Front-end: support punycoded diaspora IDs

comradesenya · September 6, 2017, 2:26pm

There is a character encoding called punycode which is used for non-latin domains (e.g. cyrillic, or just random unicode domains). There is nothing that prevents people from creating pods on such domains. Actually there are some pods which use unicode domain names already (see: https://свидетеливилли.рф/).

It works totally fine, but it renders the domain in it’s fallback look xn--..., instead of its unicode representation. So it would be great to actually fix our UI to show these domains in their pretty unicode representation.

example

But it raises a few questions.

If we support punycoded domains, then why don’t we support punycoded usernames? If we have to convert punycode to a pretty look, then why not converting usernames at the same time? IMO this feature makes diaspora more friendly for non-latin native writers and I think many people would love it to have non-latin diaspora IDs

We currently support hyphen as a part of user IDs, though our sign up page doesn’t allow to post it. So this is purely frontend-level issue.
We have to do the same conversion on user input, not only at rendering. Because if a user sees микола@діаспора.укр as a diaspora ID then they will enter it to the search input and as a mention ID. So we have to make our frontend to punycode the ID before posting it to the backend.
Nobody has every layout available at their keyboard, so if someone has a unicode diaspora ID, it will be hard to type it for people who don’t have this chars available (e.g. when typing a mention). So possibly we need to make it configurable, e.g. have a little button somewhere at the current page which disables punycode rendering and shows fallback instead.
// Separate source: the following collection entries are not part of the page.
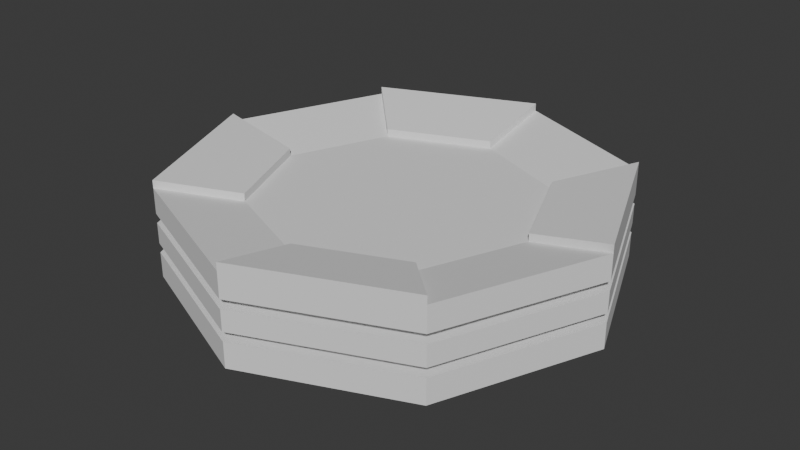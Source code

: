 # Source: top_1.blend  (saved by Blender 4.5.91; exported with 4.5.12 LTS)
import bpy
from mathutils import Matrix  # noqa: F401  (used for matrix-valued properties, if any)

bpy.ops.wm.read_factory_settings(use_empty=True)
scene = bpy.context.scene
scene.name = 'Scene'

# ---- collections
col_collection = bpy.data.collections.new('Collection'); scene.collection.children.link(col_collection)

# ---- world
world_world = bpy.data.worlds.new('World'); scene.world = world_world
world_world.use_nodes = True; world_world.node_tree.nodes.clear()
_N = world_world.node_tree.nodes; _L = world_world.node_tree.links
n0 = _N.new('ShaderNodeOutputWorld'); n0.name = 'World Output'; n0.location = (200, 100)
n1 = _N.new('ShaderNodeBackground'); n1.name = 'Background'; n1.location = (-200, 100)
n1.inputs[0].default_value = (0.05088, 0.05088, 0.05088, 1.0)
_L.new(n1.outputs[0], n0.inputs[0])
n0.is_active_output = True
world_world.color = (0.05088, 0.05088, 0.05088)
world_world.sun_shadow_jitter_overblur = 0.0

# ---- meshes
me_cylinder = bpy.data.meshes.new('Cylinder')
me_cylinder.from_pydata([(0.0, 0.611, -5.204), (0.0, 0.6379, 2.622), (0.432, 0.432, -5.204), (0.451, 0.451, 2.622), (0.611, 0.0, -5.204), (0.6379, 0.0, 2.622), (0.432, -0.432, -5.204), (0.451, -0.451, 2.622), (0.0, -0.611, -5.204), (0.0, -0.6379, 2.622), (-0.432, -0.432, -5.204), (-0.451, -0.451, 2.622), (-0.611, 0.0, -5.204), (-0.6379, 0.0, 2.622), (-0.432, 0.432, -5.204), (-0.451, 0.451, 2.622), (-0.6534, -0.6534, 1.811), (-0.6534, -0.6534, 0.9521), (-0.6534, -0.6534, -0.9521), (-0.6534, -0.6534, -1.811), (-0.924, 0.0, 1.811), (-0.924, 0.0, 0.9521), (-0.924, 0.0, -0.9521), (-0.924, 0.0, -1.811), (0.0, 0.924, 0.9521), (0.0, 0.924, 1.811), (-0.6534, 0.6534, 1.811), (-0.6534, 0.6534, 0.9521), (0.0, 0.924, -1.811), (0.0, 0.924, -0.9521), (-0.6534, 0.6534, -0.9521), (-0.6534, 0.6534, -1.811), (0.0, 1.0, -0.9521), (0.0, 1.0, -1.811), (0.0, 1.0, 1.811), (0.0, 1.0, 0.9521), (0.7071, 0.7071, 0.9521), (0.7071, 0.7071, 1.811), (0.7071, 0.7071, -1.811), (0.7071, 0.7071, -0.9521), (1.0, 0.0, 0.9521), (1.0, 0.0, 1.811), (1.0, 0.0, -1.811), (1.0, 0.0, -0.9521), (0.7071, -0.7071, 0.9521), (0.7071, -0.7071, 1.811), (0.7071, -0.7071, -1.811), (0.7071, -0.7071, -0.9521), (0.0, -1.0, 0.9521), (0.0, -1.0, 1.811), (0.0, -1.0, -1.811), (0.0, -1.0, -0.9521), (-0.7071, -0.7071, 0.9521), (-0.7071, -0.7071, 1.811), (-0.7071, -0.7071, -1.811), (-0.7071, -0.7071, -0.9521), (-1.0, 0.0, 0.9521), (-1.0, 0.0, 1.811), (-1.0, 0.0, -1.811), (-1.0, 0.0, -0.9521), (-0.7071, 0.7071, 0.9521), (-0.7071, 0.7071, 1.811), (-0.7071, 0.7071, -1.811), (-0.7071, 0.7071, -0.9521), (0.0, -0.924, -1.811), (0.0, -0.924, -0.9521), (0.0, -0.924, 0.9521), (0.0, -0.924, 1.811), (0.6534, -0.6534, -1.811), (0.6534, -0.6534, -0.9521), (0.6534, -0.6534, 0.9521), (0.6534, -0.6534, 1.811), (0.924, 0.0, -1.811), (0.924, 0.0, -0.9521), (0.924, 0.0, 0.9521), (0.924, 0.0, 1.811), (0.6534, 0.6534, -1.811), (0.6534, 0.6534, -0.9521), (0.6534, 0.6534, 0.9521), (0.6534, 0.6534, 1.811), (0.7071, 0.7071, 4.144), (0.0, 1.0, 4.144), (1.0, 0.0, 4.144), (0.7071, -0.7071, 4.144), (0.0, -1.0, 4.144), (-0.7071, -0.7071, 4.144), (-1.0, 0.0, 4.144), (-0.7071, 0.7071, 4.144), (1.0, 0.0, 4.857), (0.7071, 0.7071, 4.857), (0.0, -1.0, 4.857), (0.7071, -0.7071, 4.857), (-1.0, 0.0, 4.857), (-0.7071, -0.7071, 4.857), (0.0, 1.0, 4.857), (-0.7071, 0.7071, 4.857), (0.6379, 0.0, 3.335), (0.451, 0.451, 3.335), (0.0, -0.6379, 3.335), (0.451, -0.451, 3.335), (-0.6379, 0.0, 3.335), (-0.451, -0.451, 3.335), (0.0, 0.6379, 3.335), (-0.451, 0.451, 3.335), (0.0, 1.0, -4.144), (0.7071, 0.7071, -4.144), (1.0, 0.0, -4.144), (0.7071, -0.7071, -4.144), (0.0, -1.0, -4.144), (-0.7071, -0.7071, -4.144), (-1.0, 0.0, -4.144), (-0.7071, 0.7071, -4.144)], [], [(79, 75, 74, 78), (75, 71, 70, 74), (71, 67, 66, 70), (67, 16, 17, 66), (16, 20, 21, 17), (20, 26, 27, 21), (3, 1, 15, 13, 11, 9, 7, 5), (30, 29, 28, 31), (50, 46, 68, 64), (0, 2, 4, 6, 8, 10, 12, 14), (63, 32, 29, 30), (47, 51, 65, 69), (42, 38, 76, 72), (60, 56, 21, 27), (39, 43, 73, 77), (57, 61, 26, 20), (52, 48, 66, 17), (25, 79, 78, 24), (29, 77, 76, 28), (77, 73, 72, 76), (73, 69, 68, 72), (69, 65, 64, 68), (65, 18, 19, 64), (18, 22, 23, 19), (22, 30, 31, 23), (26, 25, 24, 27), (49, 53, 16, 67), (44, 40, 74, 70), (62, 58, 23, 31), (41, 45, 71, 75), (59, 63, 30, 22), (54, 50, 64, 19), (51, 55, 18, 65), (46, 42, 72, 68), (35, 60, 27, 24), (36, 35, 24, 78), (43, 47, 69, 73), (34, 37, 79, 25), (56, 52, 17, 21), (61, 34, 25, 26), (38, 33, 28, 76), (53, 57, 20, 16), (104, 33, 38, 105), (111, 62, 33, 104), (32, 35, 36, 39), (63, 60, 35, 32), (61, 87, 81, 34), (34, 81, 80, 37), (37, 80, 82, 41), (39, 36, 40, 43), (105, 38, 42, 106), (41, 82, 83, 45), (43, 40, 44, 47), (106, 42, 46, 107), (45, 83, 84, 49), (47, 44, 48, 51), (107, 46, 50, 108), (49, 84, 85, 53), (51, 48, 52, 55), (108, 50, 54, 109), (53, 85, 86, 57), (55, 52, 56, 59), (109, 54, 58, 110), (57, 86, 87, 61), (59, 56, 60, 63), (110, 58, 62, 111), (55, 59, 22, 18), (37, 41, 75, 79), (58, 54, 19, 23), (40, 36, 78, 74), (33, 62, 31, 28), (45, 49, 67, 71), (32, 39, 77, 29), (48, 44, 70, 66), (1, 3, 80, 81), (81, 87, 95, 94), (5, 7, 83, 82), (83, 7, 99, 91), (9, 11, 85, 84), (7, 9, 98, 99), (13, 15, 87, 86), (5, 82, 88, 96), (97, 96, 88, 89), (99, 98, 90, 91), (101, 100, 92, 93), (103, 102, 94, 95), (9, 84, 90, 98), (11, 13, 100, 101), (85, 11, 101, 93), (86, 85, 93, 92), (13, 86, 92, 100), (15, 1, 102, 103), (84, 83, 91, 90), (87, 15, 103, 95), (1, 81, 94, 102), (82, 80, 89, 88), (3, 5, 96, 97), (80, 3, 97, 89), (2, 0, 104, 105), (4, 2, 105, 106), (6, 4, 106, 107), (8, 6, 107, 108), (10, 8, 108, 109), (12, 10, 109, 110), (14, 12, 110, 111), (0, 14, 111, 104)])
_uv = me_cylinder.uv_layers.new(name='UVMap')
_uv.uv.foreach_set('vector', [0.875, 0.8592, 0.75, 0.8592, 0.75, 0.8074, 0.875, 0.8074, 0.75, 0.8592, 0.625, 0.8592, 0.625, 0.8074, 0.75, 0.8074, 0.625, 0.8592, 0.5, 0.8592, 0.5, 0.8074, 0.625, 0.8074, 0.5, 0.8592, 0.375, 0.8592, 0.375, 0.8074, 0.5, 0.8074, 0.375, 0.8592, 0.25, 0.8592, 0.25, 0.8074, 0.375, 0.8074, 0.25, 0.8592, 0.125, 0.8592, 0.125, 0.8074, 0.25, 0.8074, 0.3583, 0.3583, 0.25, 0.4031, 0.1417, 0.3583, 0.09691, 0.25, 0.1417, 0.1417, 0.25, 0.09691, 0.3583, 0.1417, 0.4031, 0.25, 0.125, 0.6926, 0.0, 0.6926, 0.0, 0.6408, 0.125, 0.6408, 0.5, 0.6408, 0.625, 0.6408, 0.625, 0.6408, 0.5, 0.6408, 0.75, 0.3966, 0.8537, 0.3537, 0.8966, 0.25, 0.8537, 0.1463, 0.75, 0.1034, 0.6463, 0.1463, 0.6034, 0.25, 0.6463, 0.3537, 0.125, 0.6926, 0.0, 0.6926, 0.0, 0.6926, 0.125, 0.6926, 0.625, 0.6926, 0.5, 0.6926, 0.5, 0.6926, 0.625, 0.6926, 0.75, 0.6408, 0.875, 0.6408, 0.875, 0.6408, 0.75, 0.6408, 0.125, 0.8074, 0.25, 0.8074, 0.25, 0.8074, 0.125, 0.8074, 0.875, 0.6926, 0.75, 0.6926, 0.75, 0.6926, 0.875, 0.6926, 0.25, 0.8592, 0.125, 0.8592, 0.125, 0.8592, 0.25, 0.8592, 0.375, 0.8074, 0.5, 0.8074, 0.5, 0.8074, 0.375, 0.8074, 1.0, 0.8592, 0.875, 0.8592, 0.875, 0.8074, 1.0, 0.8074, 1.0, 0.6926, 0.875, 0.6926, 0.875, 0.6408, 1.0, 0.6408, 0.875, 0.6926, 0.75, 0.6926, 0.75, 0.6408, 0.875, 0.6408, 0.75, 0.6926, 0.625, 0.6926, 0.625, 0.6408, 0.75, 0.6408, 0.625, 0.6926, 0.5, 0.6926, 0.5, 0.6408, 0.625, 0.6408, 0.5, 0.6926, 0.375, 0.6926, 0.375, 0.6408, 0.5, 0.6408, 0.375, 0.6926, 0.25, 0.6926, 0.25, 0.6408, 0.375, 0.6408, 0.25, 0.6926, 0.125, 0.6926, 0.125, 0.6408, 0.25, 0.6408, 0.125, 0.8592, 0.0, 0.8592, 0.0, 0.8074, 0.125, 0.8074, 0.5, 0.8592, 0.375, 0.8592, 0.375, 0.8592, 0.5, 0.8592, 0.625, 0.8074, 0.75, 0.8074, 0.75, 0.8074, 0.625, 0.8074, 0.125, 0.6408, 0.25, 0.6408, 0.25, 0.6408, 0.125, 0.6408, 0.75, 0.8592, 0.625, 0.8592, 0.625, 0.8592, 0.75, 0.8592, 0.25, 0.6926, 0.125, 0.6926, 0.125, 0.6926, 0.25, 0.6926, 0.375, 0.6408, 0.5, 0.6408, 0.5, 0.6408, 0.375, 0.6408, 0.5, 0.6926, 0.375, 0.6926, 0.375, 0.6926, 0.5, 0.6926, 0.625, 0.6408, 0.75, 0.6408, 0.75, 0.6408, 0.625, 0.6408, 0.0, 0.8074, 0.125, 0.8074, 0.125, 0.8074, 0.0, 0.8074, 0.875, 0.8074, 1.0, 0.8074, 1.0, 0.8074, 0.875, 0.8074, 0.75, 0.6926, 0.625, 0.6926, 0.625, 0.6926, 0.75, 0.6926, 1.0, 0.8592, 0.875, 0.8592, 0.875, 0.8592, 1.0, 0.8592, 0.25, 0.8074, 0.375, 0.8074, 0.375, 0.8074, 0.25, 0.8074, 0.125, 0.8592, 0.0, 0.8592, 0.0, 0.8592, 0.125, 0.8592, 0.875, 0.6408, 1.0, 0.6408, 1.0, 0.6408, 0.875, 0.6408, 0.375, 0.8592, 0.25, 0.8592, 0.25, 0.8592, 0.375, 0.8592, 1.0, 0.5, 1.0, 0.6408, 0.875, 0.6408, 0.875, 0.5, 0.125, 0.5, 0.125, 0.6408, 0.0, 0.6408, 0.0, 0.5, 1.0, 0.6926, 1.0, 0.8074, 0.875, 0.8074, 0.875, 0.6926, 0.125, 0.6926, 0.125, 0.8074, 0.0, 0.8074, 0.0, 0.6926, 0.125, 0.8592, 0.125, 1.0, 0.0, 1.0, 0.0, 0.8592, 1.0, 0.8592, 1.0, 1.0, 0.875, 1.0, 0.875, 0.8592, 0.875, 0.8592, 0.875, 1.0, 0.75, 1.0, 0.75, 0.8592, 0.875, 0.6926, 0.875, 0.8074, 0.75, 0.8074, 0.75, 0.6926, 0.875, 0.5, 0.875, 0.6408, 0.75, 0.6408, 0.75, 0.5, 0.75, 0.8592, 0.75, 1.0, 0.625, 1.0, 0.625, 0.8592, 0.75, 0.6926, 0.75, 0.8074, 0.625, 0.8074, 0.625, 0.6926, 0.75, 0.5, 0.75, 0.6408, 0.625, 0.6408, 0.625, 0.5, 0.625, 0.8592, 0.625, 1.0, 0.5, 1.0, 0.5, 0.8592, 0.625, 0.6926, 0.625, 0.8074, 0.5, 0.8074, 0.5, 0.6926, 0.625, 0.5, 0.625, 0.6408, 0.5, 0.6408, 0.5, 0.5, 0.5, 0.8592, 0.5, 1.0, 0.375, 1.0, 0.375, 0.8592, 0.5, 0.6926, 0.5, 0.8074, 0.375, 0.8074, 0.375, 0.6926, 0.5, 0.5, 0.5, 0.6408, 0.375, 0.6408, 0.375, 0.5, 0.375, 0.8592, 0.375, 1.0, 0.25, 1.0, 0.25, 0.8592, 0.375, 0.6926, 0.375, 0.8074, 0.25, 0.8074, 0.25, 0.6926, 0.375, 0.5, 0.375, 0.6408, 0.25, 0.6408, 0.25, 0.5, 0.25, 0.8592, 0.25, 1.0, 0.125, 1.0, 0.125, 0.8592, 0.25, 0.6926, 0.25, 0.8074, 0.125, 0.8074, 0.125, 0.6926, 0.25, 0.5, 0.25, 0.6408, 0.125, 0.6408, 0.125, 0.5, 0.375, 0.6926, 0.25, 0.6926, 0.25, 0.6926, 0.375, 0.6926, 0.875, 0.8592, 0.75, 0.8592, 0.75, 0.8592, 0.875, 0.8592, 0.25, 0.6408, 0.375, 0.6408, 0.375, 0.6408, 0.25, 0.6408, 0.75, 0.8074, 0.875, 0.8074, 0.875, 0.8074, 0.75, 0.8074, 0.0, 0.6408, 0.125, 0.6408, 0.125, 0.6408, 0.0, 0.6408, 0.625, 0.8592, 0.5, 0.8592, 0.5, 0.8592, 0.625, 0.8592, 1.0, 0.6926, 0.875, 0.6926, 0.875, 0.6926, 1.0, 0.6926, 0.5, 0.8074, 0.625, 0.8074, 0.625, 0.8074, 0.5, 0.8074, 0.25, 0.4031, 0.3583, 0.3583, 0.4197, 0.4197, 0.25, 0.49, 0.0, 1.0, 0.125, 1.0, 0.125, 1.0, 0.0, 1.0, 0.4031, 0.25, 0.3583, 0.1417, 0.4197, 0.08029, 0.49, 0.25, 0.4197, 0.08029, 0.3583, 0.1417, 0.3583, 0.1417, 0.4197, 0.08029, 0.25, 0.09691, 0.1417, 0.1417, 0.08029, 0.08029, 0.25, 0.01, 0.3583, 0.1417, 0.25, 0.09691, 0.25, 0.09691, 0.3583, 0.1417, 0.09691, 0.25, 0.1417, 0.3583, 0.08029, 0.4197, 0.01, 0.25, 0.4031, 0.25, 0.49, 0.25, 0.49, 0.25, 0.4031, 0.25, 0.3583, 0.3583, 0.4031, 0.25, 0.49, 0.25, 0.4197, 0.4197, 0.3583, 0.1417, 0.25, 0.09691, 0.25, 0.01, 0.4197, 0.08029, 0.1417, 0.1417, 0.09691, 0.25, 0.01, 0.25, 0.08029, 0.08029, 0.1417, 0.3583, 0.25, 0.4031, 0.25, 0.49, 0.08029, 0.4197, 0.25, 0.09691, 0.25, 0.01, 0.25, 0.01, 0.25, 0.09691, 0.1417, 0.1417, 0.09691, 0.25, 0.09691, 0.25, 0.1417, 0.1417, 0.08029, 0.08029, 0.1417, 0.1417, 0.1417, 0.1417, 0.08029, 0.08029, 0.25, 1.0, 0.375, 1.0, 0.375, 1.0, 0.25, 1.0, 0.09691, 0.25, 0.01, 0.25, 0.01, 0.25, 0.09691, 0.25, 0.1417, 0.3583, 0.25, 0.4031, 0.25, 0.4031, 0.1417, 0.3583, 0.5, 1.0, 0.625, 1.0, 0.625, 1.0, 0.5, 1.0, 0.08029, 0.4197, 0.1417, 0.3583, 0.1417, 0.3583, 0.08029, 0.4197, 0.25, 0.4031, 0.25, 0.49, 0.25, 0.49, 0.25, 0.4031, 0.75, 1.0, 0.875, 1.0, 0.875, 1.0, 0.75, 1.0, 0.3583, 0.3583, 0.4031, 0.25, 0.4031, 0.25, 0.3583, 0.3583, 0.4197, 0.4197, 0.3583, 0.3583, 0.3583, 0.3583, 0.4197, 0.4197, 0.8537, 0.3537, 0.75, 0.3966, 0.75, 0.49, 0.9197, 0.4197, 0.8966, 0.25, 0.8537, 0.3537, 0.9197, 0.4197, 0.99, 0.25, 0.8537, 0.1463, 0.8966, 0.25, 0.99, 0.25, 0.9197, 0.08029, 0.75, 0.1034, 0.8537, 0.1463, 0.9197, 0.08029, 0.75, 0.01, 0.6463, 0.1463, 0.75, 0.1034, 0.75, 0.01, 0.5803, 0.08029, 0.6034, 0.25, 0.6463, 0.1463, 0.5803, 0.08029, 0.51, 0.25, 0.6463, 0.3537, 0.6034, 0.25, 0.51, 0.25, 0.5803, 0.4197, 0.75, 0.3966, 0.6463, 0.3537, 0.5803, 0.4197, 0.75, 0.49])
me_cylinder.update()

# ---- objects
ob_cylinder = bpy.data.objects.new('Cylinder', me_cylinder)

# ---- transforms, parenting, visibility, modifiers, constraints
ob_cylinder.location = (0.0, 0.0, 0.0)
ob_cylinder.scale = (1.0, 1.0, 0.04948)

# ---- collection membership
col_collection.objects.link(ob_cylinder)

# ---- scene / render settings (as saved in the file)
scene.frame_start = 1; scene.frame_end = 250; scene.frame_set(1)
scene.render.engine = 'BLENDER_EEVEE_NEXT'
bpy.context.view_layer.update()

# ---- added for rendering (the .blend has no active camera and no usable light): camera, sun
cam_auto = bpy.data.cameras.new('AutoCamera')
cam_auto.lens = 50.0
cam_auto.sensor_width = 36.0
cam_auto.clip_end = 1000.0
ob_auto_camera = bpy.data.objects.new('AutoCamera', cam_auto)
scene.collection.objects.link(ob_auto_camera)
ob_auto_camera.location = (2.65715, -3.18858, 2.11714)
ob_auto_camera.rotation_euler = (1.09748, -7.21219e-08, 0.694738)
scene.camera = ob_auto_camera
light_auto_sun = bpy.data.lights.new('AutoSun', 'SUN')
light_auto_sun.energy = 3.0
light_auto_sun.angle = 0.0523599
ob_auto_sun = bpy.data.objects.new('AutoSun', light_auto_sun)
scene.collection.objects.link(ob_auto_sun)
ob_auto_sun.rotation_euler = (0.872665, 0.174533, 0.523599)
bpy.context.view_layer.update()

jhass · September 7, 2017, 6:28am

Punycode normalization over the entire ID on render and user input would be awesome, however the federation and database should probably enforce the encoded variant.

I don’t think we need a toggle, most users will already copy paste most of the time and second users that feel strong enough about their native language to use their script in their username usually don’t actually use another language in the content they post, IME. So I think it’s actually a really rare case where you would manually search for such while it’s not your main language either.

Little nitpick: Latin-1 totally has characters that would get punycoded, such as all the French and German ones for example. DNS is restricted to 8 bit encodings in theory and 7 bit ASCII in practice

denschub · September 8, 2017, 1:33am

I mostly agree with you here, but when implementing, UTR 36 and UTR 39 should be taken into consideration. I don’t want to allow vectors for people registring pod.example.com and pod.exampӀe.com (monspace font for added visual differences) or similar stuff just to trick people into misidentifying profiles…

spixi · September 19, 2017, 8:54pm

Hi @denschub,

The GNU library libidn already considers UTR 36 and UTR 39. Just check it out with the command line tool idn or idn -d (for decoding). And there is already a ruby-gem for it called idn-ruby.

For example, ligatures in words like ĳsselmeer are normalized to ijsselmeer. But there are also some issues left, e. g. https://ѕсоре/ is decoded to https://ѕсоре/ (Cyrillic letters), which is confusable with https://scope/ (Latin letters). But I noted, that even Firefox 53.0.3 has the same issue.

Sincerely,

spixi